GO WITH THE FLOW: ADAPTIVE CONTROL FOR NEURAL ODES

Abstract

Despite their elegant formulation and lightweight memory cost, neural ordinary differential equations (NODEs) suffer from known representational limitations. In particular, the single flow learned by NODEs cannot express all homeomorphisms from a given data space to itself, and their static weight parameterization restricts the type of functions they can learn compared to discrete architectures with layer-dependent weights. Here, we describe a new module called neurallycontrolled ODE (N-CODE) designed to improve the expressivity of NODEs.
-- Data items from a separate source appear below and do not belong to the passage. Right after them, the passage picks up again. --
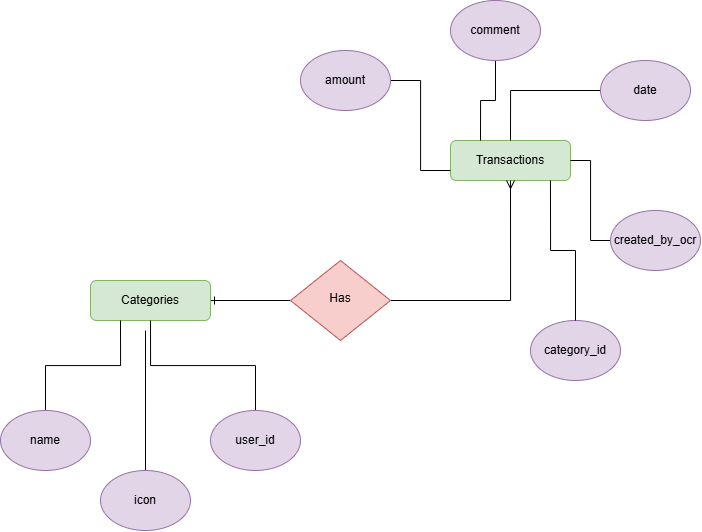

The diagram above was exported from draw.io. Its source (the exported page's mxGraphModel, read from the mxfile embedded in the PNG):
<mxGraphModel dx="1615" dy="1972" grid="1" gridSize="10" guides="1" tooltips="1" connect="1" arrows="1" fold="1" page="1" pageScale="1" pageWidth="827" pageHeight="1169" math="0" shadow="0">
  <root>
    <mxCell id="WIyWlLk6GJQsqaUBKTNV-0" />
    <mxCell id="WIyWlLk6GJQsqaUBKTNV-1" parent="WIyWlLk6GJQsqaUBKTNV-0" />
    <mxCell id="WIyWlLk6GJQsqaUBKTNV-3" value="Transactions" style="rounded=1;whiteSpace=wrap;html=1;fontSize=12;glass=0;strokeWidth=1;shadow=0;fillColor=#d5e8d4;strokeColor=#82b366;" parent="WIyWlLk6GJQsqaUBKTNV-1" vertex="1">
      <mxGeometry x="700" y="50" width="120" height="40" as="geometry" />
    </mxCell>
    <mxCell id="U61myyGBVaSxDUdm4F0T-1" style="edgeStyle=orthogonalEdgeStyle;rounded=0;orthogonalLoop=1;jettySize=auto;html=1;entryX=0.5;entryY=1;entryDx=0;entryDy=0;endArrow=ERmany;startFill=0;endFill=0;" edge="1" parent="WIyWlLk6GJQsqaUBKTNV-1" source="WIyWlLk6GJQsqaUBKTNV-10" target="WIyWlLk6GJQsqaUBKTNV-3">
      <mxGeometry relative="1" as="geometry" />
    </mxCell>
    <mxCell id="U61myyGBVaSxDUdm4F0T-4" style="edgeStyle=orthogonalEdgeStyle;rounded=0;orthogonalLoop=1;jettySize=auto;html=1;endArrow=ERone;endFill=0;entryX=1;entryY=0.5;entryDx=0;entryDy=0;" edge="1" parent="WIyWlLk6GJQsqaUBKTNV-1" source="WIyWlLk6GJQsqaUBKTNV-10" target="WIyWlLk6GJQsqaUBKTNV-12">
      <mxGeometry relative="1" as="geometry">
        <mxPoint x="480" y="210" as="targetPoint" />
        <Array as="points" />
      </mxGeometry>
    </mxCell>
    <mxCell id="WIyWlLk6GJQsqaUBKTNV-10" value="Has" style="rhombus;whiteSpace=wrap;html=1;shadow=0;fontFamily=Helvetica;fontSize=12;align=center;strokeWidth=1;spacing=6;spacingTop=-4;fillColor=#f8cecc;strokeColor=#b85450;" parent="WIyWlLk6GJQsqaUBKTNV-1" vertex="1">
      <mxGeometry x="540" y="170" width="100" height="80" as="geometry" />
    </mxCell>
    <mxCell id="WIyWlLk6GJQsqaUBKTNV-12" value="Categories" style="rounded=1;whiteSpace=wrap;html=1;fontSize=12;glass=0;strokeWidth=1;shadow=0;fillColor=#d5e8d4;strokeColor=#82b366;" parent="WIyWlLk6GJQsqaUBKTNV-1" vertex="1">
      <mxGeometry x="340" y="190" width="120" height="40" as="geometry" />
    </mxCell>
    <mxCell id="U61myyGBVaSxDUdm4F0T-23" style="edgeStyle=orthogonalEdgeStyle;rounded=0;orthogonalLoop=1;jettySize=auto;html=1;entryX=0.25;entryY=1;entryDx=0;entryDy=0;endArrow=none;startFill=0;" edge="1" parent="WIyWlLk6GJQsqaUBKTNV-1" source="U61myyGBVaSxDUdm4F0T-9" target="WIyWlLk6GJQsqaUBKTNV-12">
      <mxGeometry relative="1" as="geometry" />
    </mxCell>
    <mxCell id="U61myyGBVaSxDUdm4F0T-9" value="name" style="ellipse;whiteSpace=wrap;html=1;fillColor=#e1d5e7;strokeColor=#9673a6;" vertex="1" parent="WIyWlLk6GJQsqaUBKTNV-1">
      <mxGeometry x="250" y="320" width="90" height="60" as="geometry" />
    </mxCell>
    <mxCell id="U61myyGBVaSxDUdm4F0T-21" style="edgeStyle=orthogonalEdgeStyle;rounded=0;orthogonalLoop=1;jettySize=auto;html=1;endArrow=none;startFill=0;" edge="1" parent="WIyWlLk6GJQsqaUBKTNV-1" source="U61myyGBVaSxDUdm4F0T-10">
      <mxGeometry relative="1" as="geometry">
        <mxPoint x="395" y="240" as="targetPoint" />
      </mxGeometry>
    </mxCell>
    <mxCell id="U61myyGBVaSxDUdm4F0T-10" value="icon" style="ellipse;whiteSpace=wrap;html=1;fillColor=#e1d5e7;strokeColor=#9673a6;" vertex="1" parent="WIyWlLk6GJQsqaUBKTNV-1">
      <mxGeometry x="350" y="380" width="90" height="60" as="geometry" />
    </mxCell>
    <mxCell id="U61myyGBVaSxDUdm4F0T-22" style="edgeStyle=orthogonalEdgeStyle;rounded=0;orthogonalLoop=1;jettySize=auto;html=1;entryX=0.5;entryY=1;entryDx=0;entryDy=0;endArrow=none;startFill=0;" edge="1" parent="WIyWlLk6GJQsqaUBKTNV-1" source="U61myyGBVaSxDUdm4F0T-11" target="WIyWlLk6GJQsqaUBKTNV-12">
      <mxGeometry relative="1" as="geometry" />
    </mxCell>
    <mxCell id="U61myyGBVaSxDUdm4F0T-11" value="user_id" style="ellipse;whiteSpace=wrap;html=1;fillColor=#e1d5e7;strokeColor=#9673a6;" vertex="1" parent="WIyWlLk6GJQsqaUBKTNV-1">
      <mxGeometry x="460" y="320" width="90" height="60" as="geometry" />
    </mxCell>
    <mxCell id="U61myyGBVaSxDUdm4F0T-24" style="edgeStyle=orthogonalEdgeStyle;rounded=0;orthogonalLoop=1;jettySize=auto;html=1;entryX=0;entryY=0.75;entryDx=0;entryDy=0;endArrow=none;startFill=0;" edge="1" parent="WIyWlLk6GJQsqaUBKTNV-1" source="U61myyGBVaSxDUdm4F0T-12" target="WIyWlLk6GJQsqaUBKTNV-3">
      <mxGeometry relative="1" as="geometry" />
    </mxCell>
    <mxCell id="U61myyGBVaSxDUdm4F0T-12" value="amount" style="ellipse;whiteSpace=wrap;html=1;fillColor=#e1d5e7;strokeColor=#9673a6;" vertex="1" parent="WIyWlLk6GJQsqaUBKTNV-1">
      <mxGeometry x="550" y="-40" width="90" height="60" as="geometry" />
    </mxCell>
    <mxCell id="U61myyGBVaSxDUdm4F0T-25" style="edgeStyle=orthogonalEdgeStyle;rounded=0;orthogonalLoop=1;jettySize=auto;html=1;entryX=0.25;entryY=0;entryDx=0;entryDy=0;endArrow=none;startFill=0;" edge="1" parent="WIyWlLk6GJQsqaUBKTNV-1" source="U61myyGBVaSxDUdm4F0T-13" target="WIyWlLk6GJQsqaUBKTNV-3">
      <mxGeometry relative="1" as="geometry" />
    </mxCell>
    <mxCell id="U61myyGBVaSxDUdm4F0T-13" value="comment" style="ellipse;whiteSpace=wrap;html=1;fillColor=#e1d5e7;strokeColor=#9673a6;" vertex="1" parent="WIyWlLk6GJQsqaUBKTNV-1">
      <mxGeometry x="700" y="-90" width="90" height="60" as="geometry" />
    </mxCell>
    <mxCell id="U61myyGBVaSxDUdm4F0T-26" style="edgeStyle=orthogonalEdgeStyle;rounded=0;orthogonalLoop=1;jettySize=auto;html=1;entryX=0.5;entryY=0;entryDx=0;entryDy=0;endArrow=none;startFill=0;" edge="1" parent="WIyWlLk6GJQsqaUBKTNV-1" source="U61myyGBVaSxDUdm4F0T-14" target="WIyWlLk6GJQsqaUBKTNV-3">
      <mxGeometry relative="1" as="geometry" />
    </mxCell>
    <mxCell id="U61myyGBVaSxDUdm4F0T-14" value="date" style="ellipse;whiteSpace=wrap;html=1;fillColor=#e1d5e7;strokeColor=#9673a6;" vertex="1" parent="WIyWlLk6GJQsqaUBKTNV-1">
      <mxGeometry x="850" y="-30" width="90" height="60" as="geometry" />
    </mxCell>
    <mxCell id="U61myyGBVaSxDUdm4F0T-27" style="edgeStyle=orthogonalEdgeStyle;rounded=0;orthogonalLoop=1;jettySize=auto;html=1;entryX=1;entryY=0.5;entryDx=0;entryDy=0;endArrow=none;startFill=0;" edge="1" parent="WIyWlLk6GJQsqaUBKTNV-1" source="U61myyGBVaSxDUdm4F0T-15" target="WIyWlLk6GJQsqaUBKTNV-3">
      <mxGeometry relative="1" as="geometry" />
    </mxCell>
    <mxCell id="U61myyGBVaSxDUdm4F0T-15" value="created_by_ocr" style="ellipse;whiteSpace=wrap;html=1;fillColor=#e1d5e7;strokeColor=#9673a6;" vertex="1" parent="WIyWlLk6GJQsqaUBKTNV-1">
      <mxGeometry x="860" y="120" width="90" height="60" as="geometry" />
    </mxCell>
    <mxCell id="U61myyGBVaSxDUdm4F0T-16" value="category_id" style="ellipse;whiteSpace=wrap;html=1;fillColor=#e1d5e7;strokeColor=#9673a6;" vertex="1" parent="WIyWlLk6GJQsqaUBKTNV-1">
      <mxGeometry x="780" y="230" width="90" height="60" as="geometry" />
    </mxCell>
    <mxCell id="U61myyGBVaSxDUdm4F0T-28" style="edgeStyle=orthogonalEdgeStyle;rounded=0;orthogonalLoop=1;jettySize=auto;html=1;entryX=0.833;entryY=1;entryDx=0;entryDy=0;entryPerimeter=0;endArrow=none;startFill=0;" edge="1" parent="WIyWlLk6GJQsqaUBKTNV-1" source="U61myyGBVaSxDUdm4F0T-16" target="WIyWlLk6GJQsqaUBKTNV-3">
      <mxGeometry relative="1" as="geometry" />
    </mxCell>
  </root>
</mxGraphModel>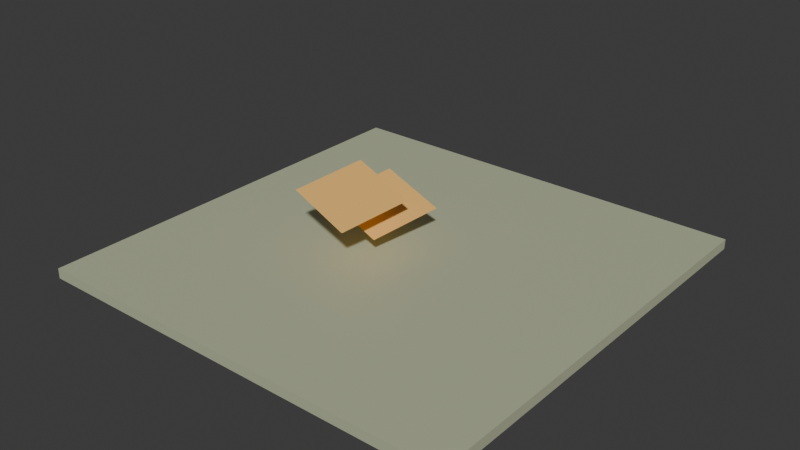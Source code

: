 # Source: triangle_test.blend  (saved by Blender 4.2.66; exported with 4.5.12 LTS)
import bpy
from mathutils import Matrix  # noqa: F401  (used for matrix-valued properties, if any)

bpy.ops.wm.read_factory_settings(use_empty=True)
scene = bpy.context.scene
scene.name = 'Scene'

# ---- collections
col_collection = bpy.data.collections.new('Collection'); scene.collection.children.link(col_collection)

# ---- materials (node trees are filled in below, after node groups)
mat_material_001 = bpy.data.materials.new('Material.001')
mat_material_002 = bpy.data.materials.new('Material.002')

# ---- material node trees
mat_material_001.use_nodes = True; mat_material_001.node_tree.nodes.clear()
_N = mat_material_001.node_tree.nodes; _L = mat_material_001.node_tree.links
n0 = _N.new('ShaderNodeBsdfPrincipled'); n0.name = 'Principled BSDF'; n0.location = (-106, 328)
n0.inputs[0].default_value = (1.0, 0.5801, 0.1662, 1.0)
n0.inputs[1].default_value = 0.1091
n0.inputs[2].default_value = 0.4382
n1 = _N.new('ShaderNodeOutputMaterial'); n1.name = 'Material Output'; n1.location = (273, 346)
_L.new(n0.outputs[0], n1.inputs[0])
n1.is_active_output = True
mat_material_002.use_nodes = True; mat_material_002.node_tree.nodes.clear()
_N = mat_material_002.node_tree.nodes; _L = mat_material_002.node_tree.links
n0 = _N.new('ShaderNodeBsdfPrincipled'); n0.name = 'Principled BSDF'; n0.location = (10, 300)
n0.inputs[0].default_value = (0.7477, 0.8012, 0.5466, 1.0)
n0.inputs[1].default_value = 0.4473
n1 = _N.new('ShaderNodeOutputMaterial'); n1.name = 'Material Output'; n1.location = (300, 300)
_L.new(n0.outputs[0], n1.inputs[0])
n1.is_active_output = True

# ---- world
world_world = bpy.data.worlds.new('World'); scene.world = world_world
world_world.use_nodes = True; world_world.node_tree.nodes.clear()
_N = world_world.node_tree.nodes; _L = world_world.node_tree.links
n0 = _N.new('ShaderNodeOutputWorld'); n0.name = 'World Output'; n0.location = (300, 300)
n1 = _N.new('ShaderNodeBackground'); n1.name = 'Background'; n1.location = (10, 300)
n1.inputs[0].default_value = (0.05088, 0.05088, 0.05088, 1.0)
_L.new(n1.outputs[0], n0.inputs[0])
n0.is_active_output = True
world_world.color = (0.05088, 0.05088, 0.05088)
world_world.sun_shadow_jitter_overblur = 0.0

# ---- meshes
me_plane_001 = bpy.data.meshes.new('Plane.001')
me_plane_001.from_pydata([(-1.0, -1.0, 0.0), (1.0, -1.0, 0.0), (-1.0, 1.0, 0.0), (1.0, 1.0, 0.0)], [], [(0, 1, 3, 2)])
_uv = me_plane_001.uv_layers.new(name='UVMap')
_uv.uv.foreach_set('vector', [0.0, 0.0, 1.0, 0.0, 1.0, 1.0, 0.0, 1.0])
me_plane_001.materials.append(mat_material_001)
me_plane_001.update()
me_cube = bpy.data.meshes.new('Cube')
me_cube.from_pydata([(-1.0, -1.0, -1.0), (-1.0, -1.0, 1.0), (-1.0, 1.0, -1.0), (-1.0, 1.0, 1.0), (1.0, -1.0, -1.0), (1.0, -1.0, 1.0), (1.0, 1.0, -1.0), (1.0, 1.0, 1.0)], [], [(0, 1, 3, 2), (2, 3, 7, 6), (6, 7, 5, 4), (4, 5, 1, 0), (2, 6, 4, 0), (7, 3, 1, 5)])
_uv = me_cube.uv_layers.new(name='UVMap')
_uv.uv.foreach_set('vector', [0.375, 0.0, 0.625, 0.0, 0.625, 0.25, 0.375, 0.25, 0.375, 0.25, 0.625, 0.25, 0.625, 0.5, 0.375, 0.5, 0.375, 0.5, 0.625, 0.5, 0.625, 0.75, 0.375, 0.75, 0.375, 0.75, 0.625, 0.75, 0.625, 1.0, 0.375, 1.0, 0.125, 0.5, 0.375, 0.5, 0.375, 0.75, 0.125, 0.75, 0.625, 0.5, 0.875, 0.5, 0.875, 0.75, 0.625, 0.75])
me_cube.materials.append(mat_material_002)
me_cube.update()
me_plane_002 = bpy.data.meshes.new('Plane.002')
me_plane_002.from_pydata([(-1.0, -1.0, 0.0), (1.0, -1.0, 0.0), (-1.0, 1.0, 0.0), (1.0, 1.0, 0.0)], [], [(0, 1, 3, 2)])
_uv = me_plane_002.uv_layers.new(name='UVMap')
_uv.uv.foreach_set('vector', [0.0, 0.0, 1.0, 0.0, 1.0, 1.0, 0.0, 1.0])
me_plane_002.materials.append(mat_material_001)
me_plane_002.update()

# ---- objects
ob_plane_001 = bpy.data.objects.new('Plane.001', me_plane_001)
ob_cube = bpy.data.objects.new('Cube', me_cube)
ob_plane_002 = bpy.data.objects.new('Plane.002', me_plane_002)

# ---- transforms, parenting, visibility, modifiers, constraints
ob_plane_001.location = (-1.552, 0.7132, 1.742)
ob_plane_001.rotation_euler = (0.1552, 0.2169, -0.2046)
ob_plane_001.scale = (1.591, 1.591, 1.591)
ob_cube.location = (0.0, 0.0, 0.0)
ob_cube.scale = (9.559, 9.559, 0.2226)
ob_plane_002.location = (-1.69, -0.9762, 2.678)
ob_plane_002.rotation_euler = (0.1552, 0.2169, -0.2046)
ob_plane_002.scale = (1.591, 1.591, 1.591)

# ---- collection membership
col_collection.objects.link(ob_plane_001)
col_collection.objects.link(ob_cube)
col_collection.objects.link(ob_plane_002)

# ---- scene / render settings (as saved in the file)
scene.frame_start = 1; scene.frame_end = 250; scene.frame_set(1)
scene.render.engine = 'BLENDER_EEVEE_NEXT'
bpy.context.view_layer.update()

# ---- added for rendering (the .blend has no active camera and no usable light): camera, sun
cam_auto = bpy.data.cameras.new('AutoCamera')
cam_auto.lens = 50.0
cam_auto.sensor_width = 36.0
cam_auto.clip_end = 1000.0
ob_auto_camera = bpy.data.objects.new('AutoCamera', cam_auto)
scene.collection.objects.link(ob_auto_camera)
ob_auto_camera.location = (25.221, -30.2652, 21.6959)
ob_auto_camera.rotation_euler = (1.09748, -7.21219e-08, 0.694738)
scene.camera = ob_auto_camera
light_auto_sun = bpy.data.lights.new('AutoSun', 'SUN')
light_auto_sun.energy = 3.0
light_auto_sun.angle = 0.0523599
ob_auto_sun = bpy.data.objects.new('AutoSun', light_auto_sun)
scene.collection.objects.link(ob_auto_sun)
ob_auto_sun.rotation_euler = (0.872665, 0.174533, 0.523599)
bpy.context.view_layer.update()
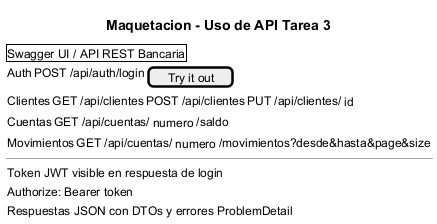

The diagram above was rendered by PlantUML. Its source (embedded in the PNG):
@startsalt
title Maquetacion - Uso de API Tarea 3
{
  {+ Swagger UI / API REST Bancaria }
  { Auth | POST /api/auth/login | [Try it out] }
  { Clientes | GET /api/clientes | POST /api/clientes | PUT /api/clientes/{id} }
  { Cuentas | GET /api/cuentas/{numero}/saldo }
  { Movimientos | GET /api/cuentas/{numero}/movimientos?desde&hasta&page&size }
  --
  { Token JWT visible en respuesta de login }
  { Authorize: Bearer token }
  { Respuestas JSON con DTOs y errores ProblemDetail }
}
@endsalt

The parameters of N-CODE modules are dynamic variables governed by a trainable map from initial or current activation state, resulting in forms of open-loop and closed-loop control, respectively. A single module is sufficient for learning a distribution on non-autonomous flows that adaptively drive neural representations. We provide theoretical and empirical evidence that N-CODE circumvents limitations of previous NODEs models and show how increased model expressivity manifests in several supervised and unsupervised learning problems. These favorable empirical results indicate the potential of using data-and activity-dependent plasticity in neural networks across numerous domains.

1. INTRODUCTION

The interpretation of artificial neural networks as continuous-time dynamical systems has led to both theoretical and practical advances in representation learning. According to this interpretation, the separate layers of a deep neural network are understood to be a discretization of a continuous-time operator so that, in effect, the net is infinitely deep. One important class of continuous-time models, neural ordinary differential equations (NODEs) (Chen et al., 2018) , have found natural applications in generative variational inference (Grathwohl et al., 2019) and physical modeling (Köhler et al., 2019; Ruthotto et al., 2020) because of their ability to take advantage of black-box differential equation solvers and correspondence to dynamical systems in nature. Nevertheless, NODEs suffer from known representational limitations, which researchers have tried to alleviate either by lifting the NODE activation space to higher dimensions or by allowing the transition operator to change in time, making the system non-autonomous (Dupont et al., 2019) . For example, Zhang et al. (2020) showed that NODEs can arbitrarily approximate maps from R d to R if NODE dynamics operate with an additional time dimension in R d+1 and the system is affixed with an additional linear layer. The same authors showed that NODEs could approximate homeomorphisms from R d to itself if the dynamics were lifted to R 2d . Yet, the set of homeomorphisms from R d to itself is in fact quite a conservative function space from the perspective of representation learning, since these mappings preserve topological invariants of the data space, preventing them from "disentangling" data classes like those of the annulus data in Fig. 1 (lower left panel). In general, much remains to be understood about the continuous-time framework and its expressive capabilities.